Senna procumbens

Scientific classification
- Kingdom: Plantae
- Clade: Tracheophytes
- Clade: Angiosperms
- Clade: Eudicots
- Clade: Rosids
- Order: Fabales
- Family: Fabaceae
- Subfamily: Caesalpinioideae
- Genus: Senna
- Species: S. procumbens
- Binomial name: Senna procumbens Randell

= Senna procumbens =

- Authority: Randell

Species of legume

Senna procumbens is a species of flowering plant in the family Fabaceae and is endemic to the Northern Territory in Australia. It is a herbaceous perennial or undershrub with pinnate leaves with two or three pairs of lance-shaped to narrowly elliptic leaflets, and groups of five to eight yellow flowers arranged in upper leaf axils.

==Description==
Senna procumbens is a prostrate or low-lying, mostly glabrous, herbaceous perennial or undershrub. Its leaves are pinnate, 50–80 mm long including a petiole 10–12 mm long, with five to eight pairs of lance-shaped to narrowly elliptic leaflets, 40–50 mm long and 10–15 mm wide, spaced 8–12 mm apart. There are hair-like glands between each pair of leaflets. The flowers are yellow and arranged in groups of five to eight in upper leaf axils on a peduncle 30–60 mm long, each flower on a pedicel 15–20 mm long.
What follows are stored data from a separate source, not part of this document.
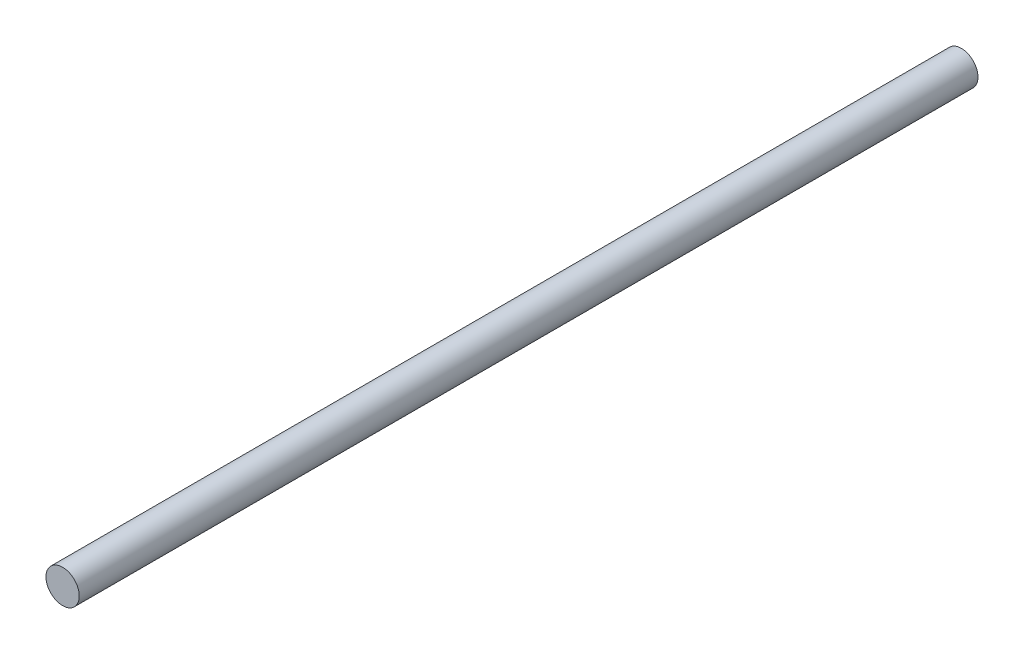
SolidWorks part; units mm, degrees
ref_plane "Front Plane" through (0, 0, 0) normal (0, 0, 1) x (1, 0, 0)
ref_plane "Top Plane" through (0, 0, 0) normal (0, 1, 0) x (1, 0, 0)
ref_plane "Right Plane" through (0, 0, 0) normal (1, 0, 0) x (0, 0, -1)
sketch "Sketch1" plane through (0, 0, 0) normal (0, 0, 1) x (1, 0, 0)
  circle A0 centre (0, 0) radius 6.35
  dimension "D1" = 12.7
extrude "Boss-Extrude1" add sketch "Sketch1" along normal blind 342.9
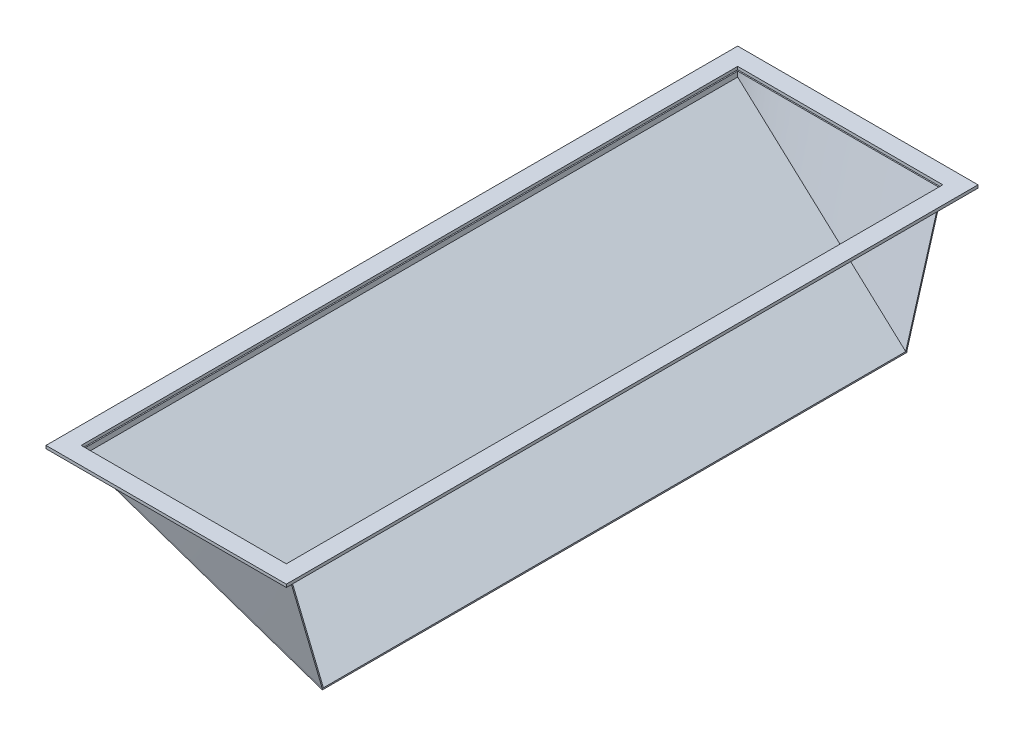
SolidWorks part; units mm, degrees
ref_plane "Płaszczyzna przednia" through (0, 0, 0) normal (0, 0, 1) x (1, 0, 0)
ref_plane "Płaszczyzna górna" through (0, 0, 0) normal (0, 1, 0) x (1, 0, 0)
ref_plane "Płaszczyzna prawa" through (0, 0, 0) normal (1, 0, 0) x (0, 0, -1)
sketch "Szkic1" plane through (0, 0, 0) normal (0, 0, 1) x (1, 0, 0)
  line L0 (0, 0) -> (350, 0)
  line L1 (350, 0) -> (350, -212.0726)
  line L4 (0, 0) -> (0, -10)
  line L6 (0, -10) -> (350, -212.0726)
  dimension "D1" = 350
  dimension "D2" = 10
  dimension "D3" = 120
  dimension "D4" = 0
extrude "Dodanie-wyciągnięcie1" add sketch "Szkic1" along normal blind 1120
sketch "Szkic3" plane through (0, 0, 0) normal (0, 1, 0) x (1, 0, 0)
  line L0 (0, 0) -> (0, -1120)
  line L1 (0, -1120) -> (350, -1120)
  line L2 (350, -1120) -> (350, 0)
  line L3 (350, 0) -> (0, 0)
  line L4 (-30, 30) -> (380, 30)
  line L5 (380, 30) -> (380, -1150)
  line L6 (380, -1150) -> (-30, -1150)
  line L7 (-30, -1150) -> (-30, 30)
  line L8 (0, -1120) -> (0, 0) construction
  line L9 (350, -1120) -> (0, -1120) construction
  line L10 (350, -1120) -> (350, 0) construction
  line L12 (350, 0) -> (0, 0) construction
  dimension "D1" = 30
  dimension "D2" = 30
  dimension "D3" = 30
  dimension "D4" = 30
  dimension "D5" = 0
  dimension "D6" = 0
  dimension "D7" = 0
  dimension "D8" = 0
extrude "Dodanie-wyciągnięcie2" add sketch "Szkic3" along normal blind 5 separate body
shell "Skorupa3" thickness 2
sketch "Szkic5" plane through (-3.3301, -5.7679, 0) normal (0.5, 0.866, 0) x (0.866, -0.5, 0)
  line L2 (6.1547, 0) -> (611.6038, -92.328)
  line L3 (6.1547, -1120) -> (574.3818, -1033.3482)
  line L4 (616.2975, 26.333) -> (611.6038, -92.328)
  line L5 (6.1547, 0) -> (500.0467, 176.7687)
  line L6 (500.0467, 176.7687) -> (616.2975, 26.333)
  line L7 (6.1547, -1120) -> (177.8275, -1478.3965)
  line L8 (177.8275, -1478.3965) -> (567.5714, -1205.5231)
  line L9 (574.3818, -1033.3482) -> (567.5714, -1205.5231)
extrude "Wytnij-wyciągnięcie1" cut sketch "Szkic5" against normal blind 90
sketch "Szkic6" plane through (0, 0, 0) normal (0, -1, 0) x (1, 0, 0)
  line L0 (2, 1120) -> (350, 1120)
  line L1 (350, 1120) -> (350, 1118)
  line L2 (350, 1120) -> (350, 0) construction
  line L3 (350, 1118) -> (2, 1118)
  line L4 (2, 1120) -> (2, 0) construction
  line L5 (2, 1118) -> (2, 1120)
  dimension "D1" = 2
sketch "Szkic7" plane through (-3.3301, -5.7679, 0) normal (0.5, 0.866, 0) x (0.866, -0.5, 0)
  line L0 (6.1547, -1120) -> (407.9905, -1058.722)
  line L1 (6.1547, -1120) -> (6.1547, -1118)
  line L2 (6.1547, -1120) -> (6.1547, 0) construction
  line L3 (6.1547, -1118) -> (407.9905, -1056.6989)
  line L4 (407.9905, -1058.722) -> (407.9905, -1056.6989)
  dimension "D1" = 2
loft "Wyciągnięcie po profilach2" add profiles "Szkic7", "Szkic6"
ref_plane "Płaszczyzna1" through (0, 0, 560) normal (0, 0, -1) x (-1, 0, 0)
mirror "Lustro1" about plane through (0, 0, 560) normal (0, 0, -1) of bodies 105
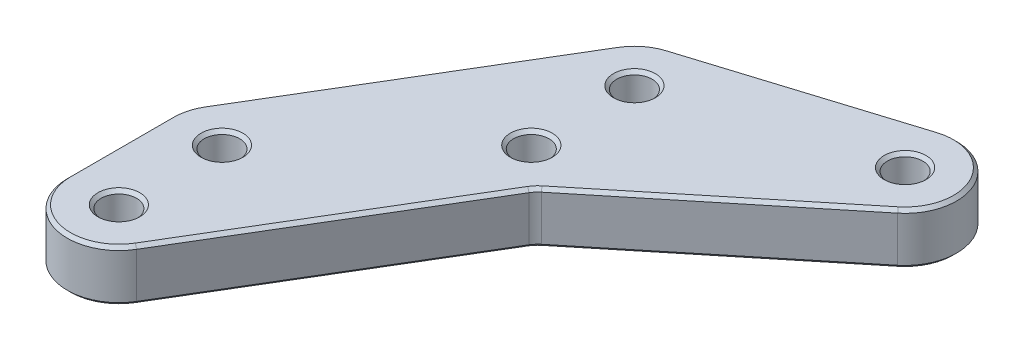
SolidWorks part; units mm, degrees
ref_plane "Front Plane" through (0, 0, 0) normal (0, 0, 1) x (1, 0, 0)
ref_plane "Top Plane" through (0, 0, 0) normal (0, 1, 0) x (1, 0, 0)
ref_plane "Right Plane" through (0, 0, 0) normal (1, 0, 0) x (0, 0, -1)
sketch "Sketch1" plane through (0, 0, 0) normal (0, 1, 0) x (1, 0, 0)
  line L0 (-25.4, -19.05) -> (-25.4, -31.75)
  line L1 (4.5191, -4.8104) -> (-13.6049, -35.017)
  line L2 (-24.4951, -15.783) -> (-5.4451, 15.967)
  line L5 (5.2361, -3.9825) -> (29.411, 15.7147)
  line L6 (-1.894, 18.7609) -> (23.506, 26.6984)
  circle A0 centre (0, 0) radius 2.1828
  circle A1 centre (0, 12.7) radius 2.1828
  circle A2 centre (-19.05, -19.05) radius 2.1828
  circle A3 centre (-19.05, -31.75) radius 2.1828
  arc A4 (-25.4, -31.75) -> (-13.6049, -35.017) centre (-19.05, -31.75) ccw
  arc A5 (-24.4951, -15.783) -> (-25.4, -19.05) centre (-19.05, -19.05) ccw
  arc A7 (-1.894, 18.7609) -> (-5.4451, 15.967) centre (0, 12.7) ccw
  circle A9 centre (25.4, 20.6375) radius 2.1828
  arc A10 (29.411, 15.7147) -> (23.506, 26.6984) centre (25.4, 20.6375) ccw
  arc A12 (4.5191, -4.8104) -> (5.2361, -3.9825) centre (7.2416, -6.4439) cw
  point P19 (4.8051, -4.3337)
  dimension "D2" = 4.3656
  dimension "D3" = 4.3656
  dimension "D6" = 4.3656
  dimension "D8" = 4.3656
  dimension "D9" = 12.7
  dimension "D10" = 4.3337
  dimension "D11" = 12.7
  dimension "D12" = 12.7
  dimension "D15" = 4.3656
  dimension "D16" = 12.7
  dimension "D18" = 3.175
  dimension "D1" = 12.7
  dimension "D4" = 19.05
  dimension "D5" = 19.05
  dimension "D7" = 12.7
  dimension "D13" = 25.4
  dimension "D14" = 7.9375
  dimension "D17" = 4.8051
extrude "Boss-Extrude1" add sketch "Sketch1" along normal mid plane 6.35
chamfer "Chamfer1" distance 0.3969 angle 45 30 edges at (25.4, -3.175, -18.4547) (-19.05, -3.175, 21.2328) (0, -3.175, 2.1828) (17.3236, -3.175, -5.8661) (30.993, -3.175, -23.6444) (10.806, -3.175, -22.7297) (-3.9265, -3.175, -17.6905) (-14.9701, -3.175, -0.092) (-25.1696, -3.175, 17.355) (-25.4, -3.175, 25.4) (-20.745, -3.175, 37.8696) (-4.5429, -3.175, 19.9137) (4.8416, -3.175, 4.3653) (0, -3.175, -10.5172) (-19.05, -3.175, 33.9328) (25.4, 3.175, -18.4547) (-19.05, 3.175, 33.9328) (-19.05, 3.175, 21.2328) (0, 3.175, -10.5172) (0, 3.175, 2.1828) (-4.5429, 3.175, 19.9137) (-20.745, 3.175, 37.8696) (-25.4, 3.175, 25.4) (-25.1696, 3.175, 17.355) (-14.9701, 3.175, -0.092) (-3.9265, 3.175, -17.6905) (10.806, 3.175, -22.7297) (30.993, 3.175, -23.6444) (17.3236, 3.175, -5.8661) (4.8416, 3.175, 4.3653)
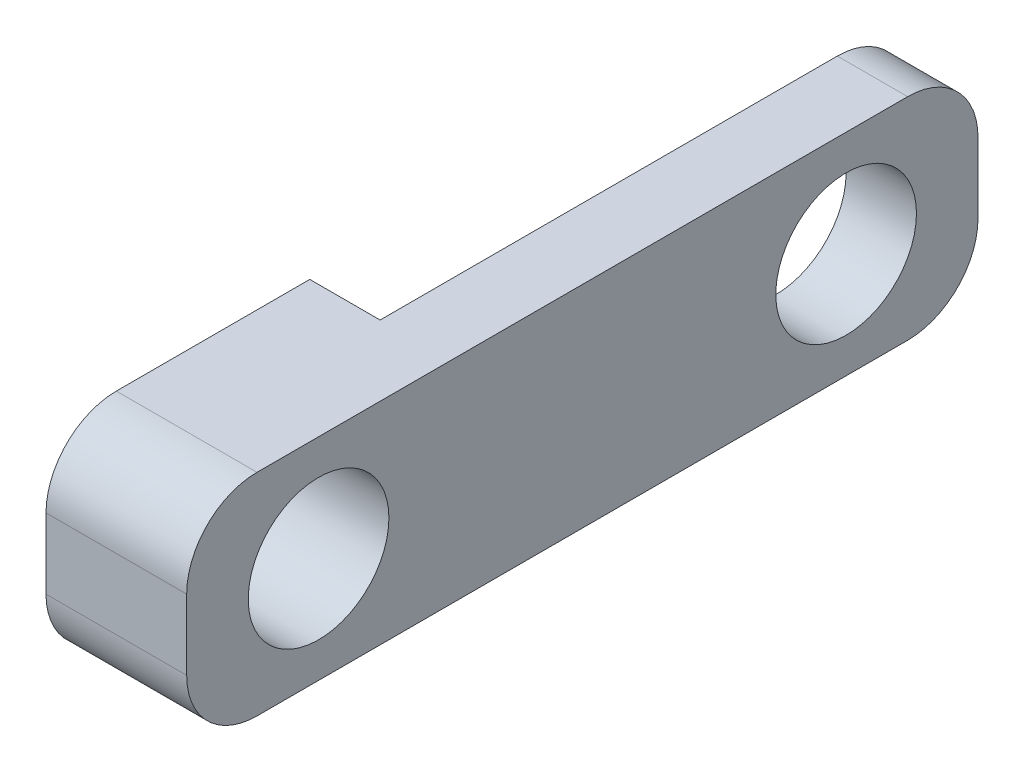
SolidWorks part; units mm, degrees
ref_plane "Front Plane" through (0, 0, 0) normal (0, 0, 1) x (1, 0, 0)
ref_plane "Top Plane" through (0, 0, 0) normal (0, 1, 0) x (1, 0, 0)
ref_plane "Right Plane" through (0, 0, 0) normal (1, 0, 0) x (0, 0, -1)
sketch "Sketch1" plane through (0, 0, 0) normal (1, 0, 0) x (0, 0, -1)
  line L1 (-22.5, 6) -> (22.5, 6)
  line L2 (-22.5, 6) -> (-22.5, -6)
  line L3 (-22.5, -6) -> (22.5, -6)
  line L4 (22.5, 6) -> (22.5, -6)
  line L5 (-22.5, 6) -> (22.5, -6) construction
  line L6 (-22.5, -6) -> (22.5, 6) construction
  point P0 (0, 0)
  dimension "D1" = 12
  dimension "D2" = 45
extrude "Boss-Extrude1" add sketch "Sketch1" along normal blind 8
sketch "Sketch2" plane through (8, 0, 0) normal (1, 0, 0) x (0, 0, -1)
  line L0 (-22.5, 6) -> (-22.5, -6) construction
  line L1 (22.5, -6) -> (22.5, 6) construction
  circle A0 centre (-15, 0) radius 4
  circle A1 centre (15, 0) radius 4
  dimension "D3" = 8
  dimension "D4" = 8
  dimension "D1" = 7.5
  dimension "D5" = 7.5
extrude "Cut-Extrude1" cut sketch "Sketch2" against normal blind 8
fillet "Fillet1" radius 4 4 edges at (4, -6, -22.5) (4, -6, 22.5) (4, 6, -22.5) (4, 6, 22.5)
sketch "Sketch3" plane through (0, 6, 0) normal (0, 1, 0) x (1, 0, 0)
  line L0 (8, -22.5) -> (0, -22.5) construction
  line L1 (4, -7.5) -> (0, -7.5)
  line L2 (4, -7.5) -> (4, 32.3306)
  line L3 (4, 32.3306) -> (0, 32.3306)
  line L4 (0, -7.5) -> (0, 32.3306)
  dimension "D1" = 4
  dimension "D2" = 15
extrude "Cut-Extrude2" cut sketch "Sketch3" against normal blind 16
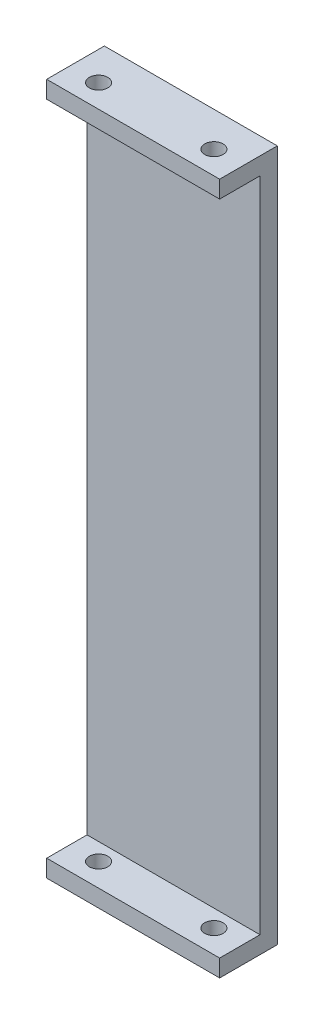
SolidWorks part; units mm, degrees
material "橡胶"
ref_plane "前视基准面" through (0, 0, 0) normal (0, 0, 1) x (1, 0, 0)
ref_plane "上视基准面" through (0, 0, 0) normal (0, 1, 0) x (1, 0, 0)
ref_plane "右视基准面" through (0, 0, 0) normal (1, 0, 0) x (0, 0, -1)
other "Configuration Table"
sketch "草图1" plane through (0, 0, 0) normal (0, 0, 1) x (1, 0, 0)
  line L1 (-10.0858, 114.268) -> (19.9142, 114.268)
  line L2 (-10.0858, 114.268) -> (-10.0858, -5.732)
  line L3 (-10.0858, -5.732) -> (19.9142, -5.732)
  line L4 (19.9142, 114.268) -> (19.9142, -5.732)
  dimension "D1" = 30
  dimension "D2" = 120
extrude "凸台-拉伸1" add sketch "草图1" along normal blind 10
sketch "草图2" plane through (0, 0, 10) normal (0, 0, 1) x (1, 0, 0)
  line L0 (-10.0858, 114.268) -> (-10.0858, -5.732) construction
  line L1 (-10.0858, -2.732) -> (19.9142, -2.732)
  line L2 (-10.0858, -2.732) -> (-10.0858, 111.268)
  line L3 (-10.0858, 111.268) -> (19.9142, 111.268)
  line L4 (19.9142, -2.732) -> (19.9142, 111.268)
  line L5 (19.9142, -5.732) -> (19.9142, 114.268) construction
  line L6 (19.9142, 114.268) -> (-10.0858, 114.268) construction
  line L7 (-10.0858, -5.732) -> (19.9142, -5.732) construction
  dimension "D1" = 3
  dimension "D2" = 3
extrude "切除-拉伸1" cut sketch "草图2" against normal blind 7
sketch "草图3" plane through (0, 114.268, 0) normal (0, 1, 0) x (1, 0, 0)
  line L0 (-10.0858, -6) -> (19.9142, -6) construction
  line L1 (-10.0858, -10) -> (-10.0858, 0) construction
  line L2 (19.9142, -10) -> (19.9142, 0) construction
  line L3 (19.9142, -10) -> (-10.0858, -10) construction
  line L4 (4.9142, 0) -> (4.9142, -10) construction
  line L5 (19.9142, 0) -> (-10.0858, 0) construction
  circle A0 centre (-5.0858, -6) radius 1.6
  circle A1 centre (14.9142, -6) radius 1.6
  dimension "D2" = 10
  dimension "D4" = 3.2
  dimension "D1" = 4
  dimension "D3" = 10
extrude "切除-拉伸2" cut sketch "草图3" against normal through all

The petals are 11–13 mm long and there are ten fertile stamens, the anthers of differing lengths between 4 and 5 mm long. Flowering occurs from January to June, and the fruit is a flat pod 50–70 mm long and about 8 mm wide.

==Taxonomy==
Senna procumbens was first formally described in 1989 by Barbara Rae Randell in the Journal of the Adelaide Botanic Garden. The specific epithet (procumbens) means "procumbent".

==Distribution and habitat==
Senna procumbens grows among tall grasses in swamps or in forest or woodland in sandy soil. It is only known from the Pine Creek area of the Northern Territory.